18 September (mediapesan) – Kasus dugaan pungutan liar yang menyeret nama Kanit Perlindungan Perempuan dan Anak (PPA) Polrestabes Makassar, Iptu Hartawan, kembali menjadi sorotan publik setelah viral di beberapa media online.
Tuduhan tersebut mencuat setelah muncul kabar bahwa Iptu Hartawan diduga menerima dana sebesar Rp 30 juta dari salah satu pihak yang terlibat dalam kasus kekerasan seksual.
Dalam klarifikasinya, Iptu Hartawan menegaskan bahwa kasus tersebut telah diselesaikan secara damai melalui mekanisme restorative justice (keadilan restoratif).
Ia menjelaskan bahwa kedua belah pihak sepakat untuk berdamai, mencabut laporan, dan melanjutkan hidup masing-masing.
Salah satu pihak dikabarkan akan kembali ke Bima, sementara pihak lainnya melanjutkan perjalanan ke Maluku.
Mengenai isu pungutan liar, Iptu Hartawan menyatakan bahwa uang yang disebutkan, berkisar antara Rp 15 juta hingga Rp 30 juta, kemungkinan besar adalah pinjaman pribadi di antara mereka, bukan pungutan yang melibatkan kepolisian.
Namun, pernyataan tersebut mendapat tanggapan dari Ketua Tim Reaksi Cepat (TRC) UPTD Perlindungan Perempuan dan Anak (PPA) Kota Makassar, Makmur.
Dalam pesan singkatnya pada Rabu (18/9/2024), Makmur mengungkapkan adanya bukti percakapan yang menunjukkan bahwa pelaku telah mengeluarkan Rp 15 juta untuk kepolisian, dan terdapat rekaman jelas yang memperlihatkan adanya permintaan dana sebesar Rp 30 juta kepada korban.

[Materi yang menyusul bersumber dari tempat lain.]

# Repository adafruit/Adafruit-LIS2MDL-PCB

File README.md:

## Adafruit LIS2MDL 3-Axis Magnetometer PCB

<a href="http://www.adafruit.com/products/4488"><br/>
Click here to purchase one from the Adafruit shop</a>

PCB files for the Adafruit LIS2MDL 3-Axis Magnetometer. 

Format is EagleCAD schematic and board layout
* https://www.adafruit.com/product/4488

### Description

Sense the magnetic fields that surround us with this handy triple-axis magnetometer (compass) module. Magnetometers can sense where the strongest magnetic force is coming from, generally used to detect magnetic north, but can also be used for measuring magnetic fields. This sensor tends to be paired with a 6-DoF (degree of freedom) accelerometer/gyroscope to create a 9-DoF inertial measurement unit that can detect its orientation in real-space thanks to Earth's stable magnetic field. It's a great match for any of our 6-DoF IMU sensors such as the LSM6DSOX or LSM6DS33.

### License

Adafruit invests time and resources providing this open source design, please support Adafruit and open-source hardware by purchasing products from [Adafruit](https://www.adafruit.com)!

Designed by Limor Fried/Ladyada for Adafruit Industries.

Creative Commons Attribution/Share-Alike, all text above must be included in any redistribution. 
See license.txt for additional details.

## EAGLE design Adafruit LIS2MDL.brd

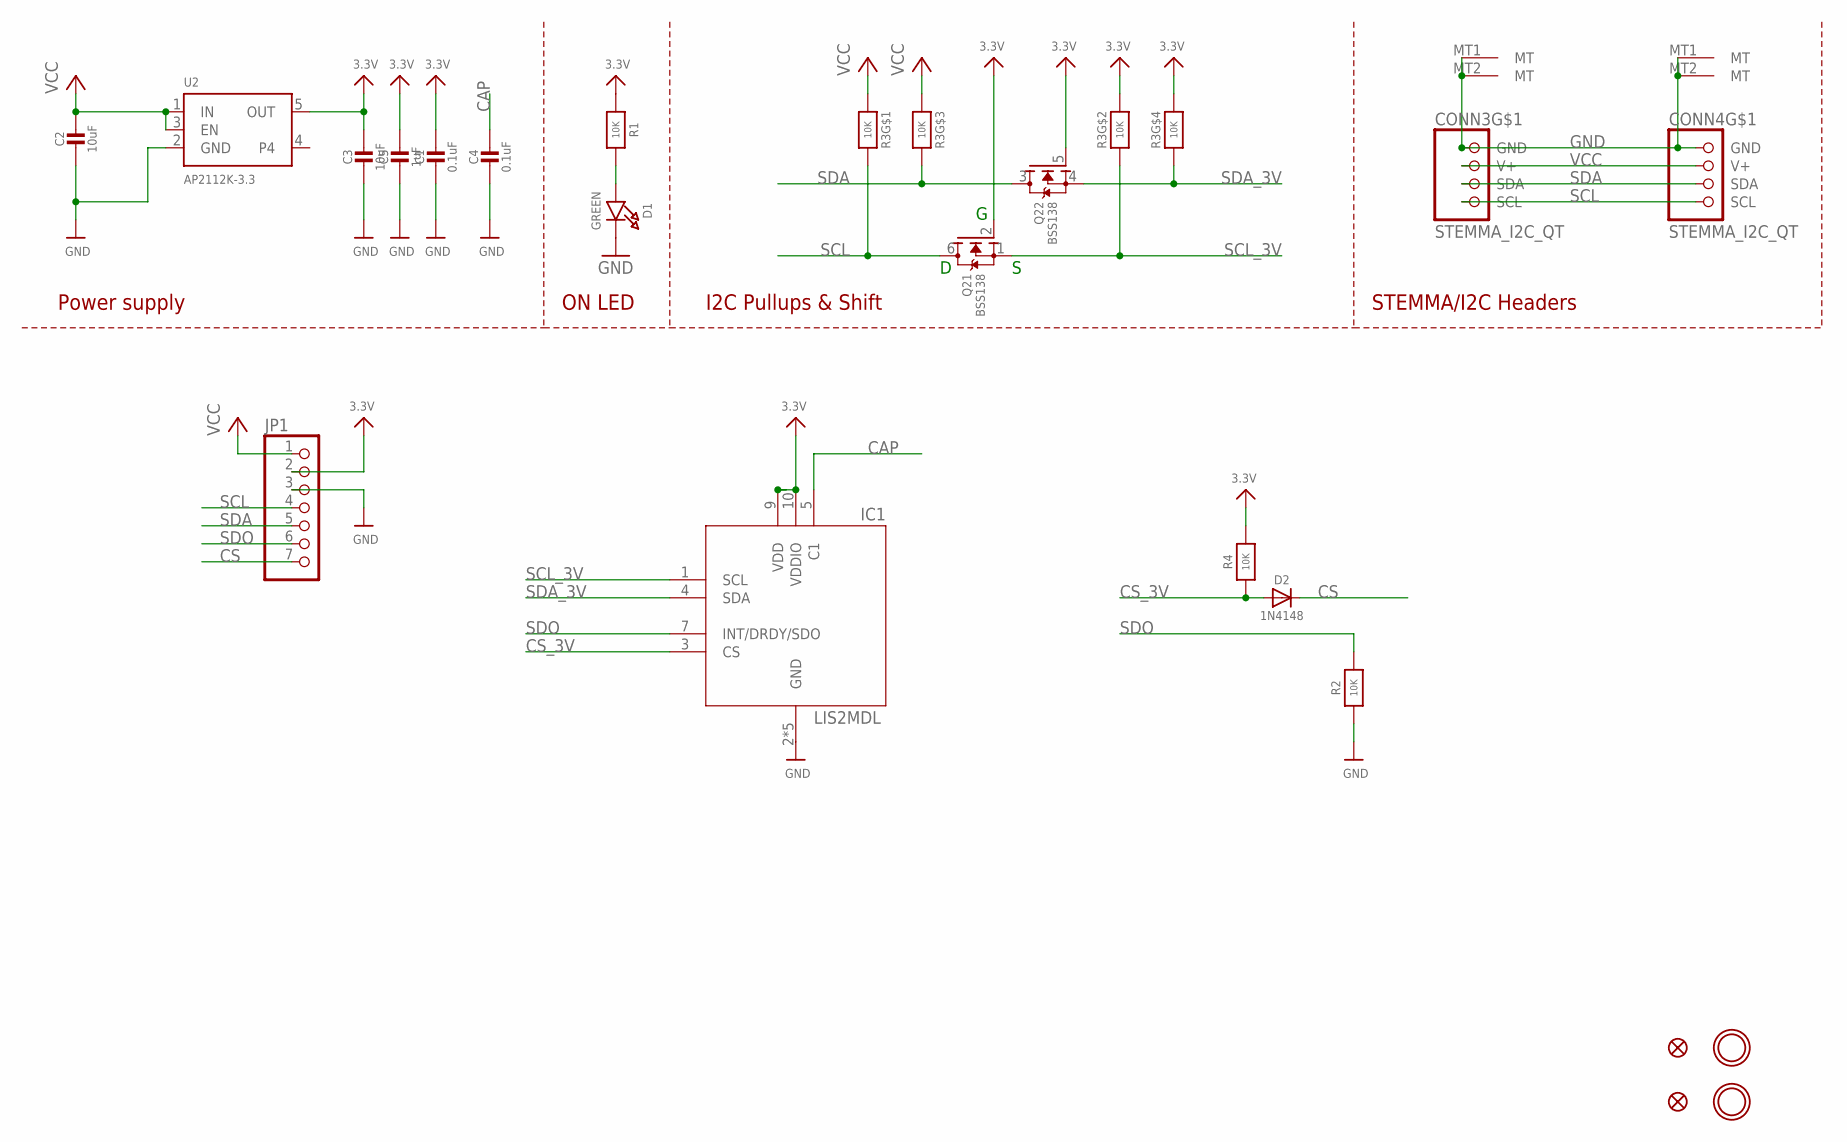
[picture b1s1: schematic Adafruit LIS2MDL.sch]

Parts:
C1, C4: 0.1uF; 0603-NO
C2, C3: 10uF; 0805-NO
C5: 1uF; 0603-NO
CONN3, CONN4: STEMMA_I2C_QT; JST_SH4
D1: GREEN; CHIPLED_0603_NOOUTLINE
D2: 1N4148; SOD-323
FID3, FID4: FIDUCIAL_1MM
IC1: LIS2MDL; LGA12_2X2MM
JP1: HEADER-1X770MIL; 1X07_ROUND_70
Q2: BSS138; SOT363
R1, R2, R4: 10K; 0603-NO
R3: 10K; RESPACK_4X0603
U2: AP2112K-3.3; SOT23-5
U$1, U$17: MOUNTINGHOLE2.5; MOUNTINGHOLE_2.5_PLATED

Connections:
3.3V: C1.1, C3.1, C5.1, IC1.9 (VDD), IC1.10 (VDDIO), JP1.2, Q2.2 (G), Q2.5 (G), R1.1, R3.2 (1), R3.4 (1), R4.2, U2.5 (OUT)
CAP: C4.1, IC1.5 (C1)
CS: D2.C, JP1.7
CS_3V: D2.A, IC1.3 (CS), R4.1
GND: C1.2, C2.2, C3.2, C4.2, C5.2, CONN3.1 (GND), CONN3.MT1 (MT), CONN3.MT2 (MT), CONN4.1 (GND), CONN4.MT1 (MT), CONN4.MT2 (MT), D1.C, IC1.2 (GND), IC1.6 (GND), IC1.8 (GND), IC1.11 (GND), IC1.12 (GND), JP1.3, R2.1, U2.2 (GND)
unnamed: D1.A, R1.2
SCL: CONN3.4 (SCL), CONN4.4 (SCL), JP1.4, Q2.6 (D), R3.8 (2)
SCL_3V: IC1.1 (SCL), Q2.1 (S), R3.7 (2)
SDA: CONN3.3 (SDA), CONN4.3 (SDA), JP1.5, Q2.3 (D), R3.6 (2)
SDA_3V: IC1.4 (SDA), Q2.4 (S), R3.5 (2)
SDO: IC1.7 (INT/DRDY/SDO), JP1.6, R2.2
VCC: C2.1, CONN3.2 (V+), CONN4.2 (V+), JP1.1, R3.1, R3.3 (1), U2.1 (IN), U2.3 (EN)

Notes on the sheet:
I2C Pullups & Shift
STEMMA/I2C Headers
ON LED
Power supply

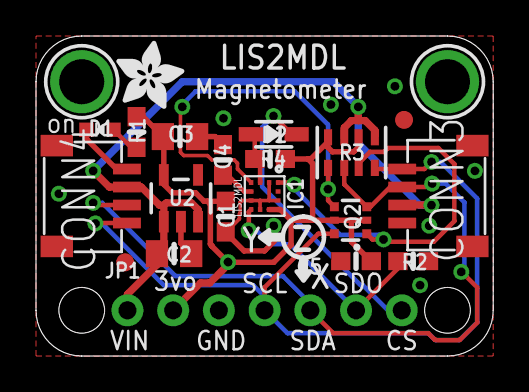
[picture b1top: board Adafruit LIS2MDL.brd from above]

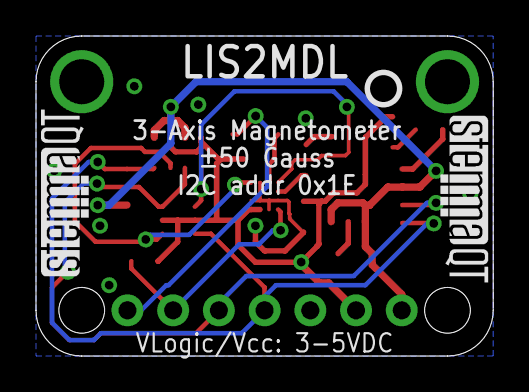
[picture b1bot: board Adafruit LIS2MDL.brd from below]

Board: 2 copper layers, 25.4 x 17.8 mm, 25 parts (3 on the bottom side), 12 nets.

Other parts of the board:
U$11: ADAFRUIT_3.5MM
U$25: PCBFEAT-REV-040
U$30, U$31: STEMMAQT

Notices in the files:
parts and their libraries:
microbuilder: This work is placed in the public domain, and may be freely used for commercial and non-commercial work with the following conditions:

Makmur juga menegaskan bahwa kasus kekerasan terhadap perempuan tidak seharusnya diselesaikan dengan pendekatan restorative justice, terutama dengan adanya Undang-Undang Tindak Pidana Kekerasan Seksual (UU TPKS) yang disahkan pada 2022.
UU ini bertujuan memberikan perlindungan lebih bagi korban kekerasan seksual serta memastikan keadilan dan pemulihan bagi mereka.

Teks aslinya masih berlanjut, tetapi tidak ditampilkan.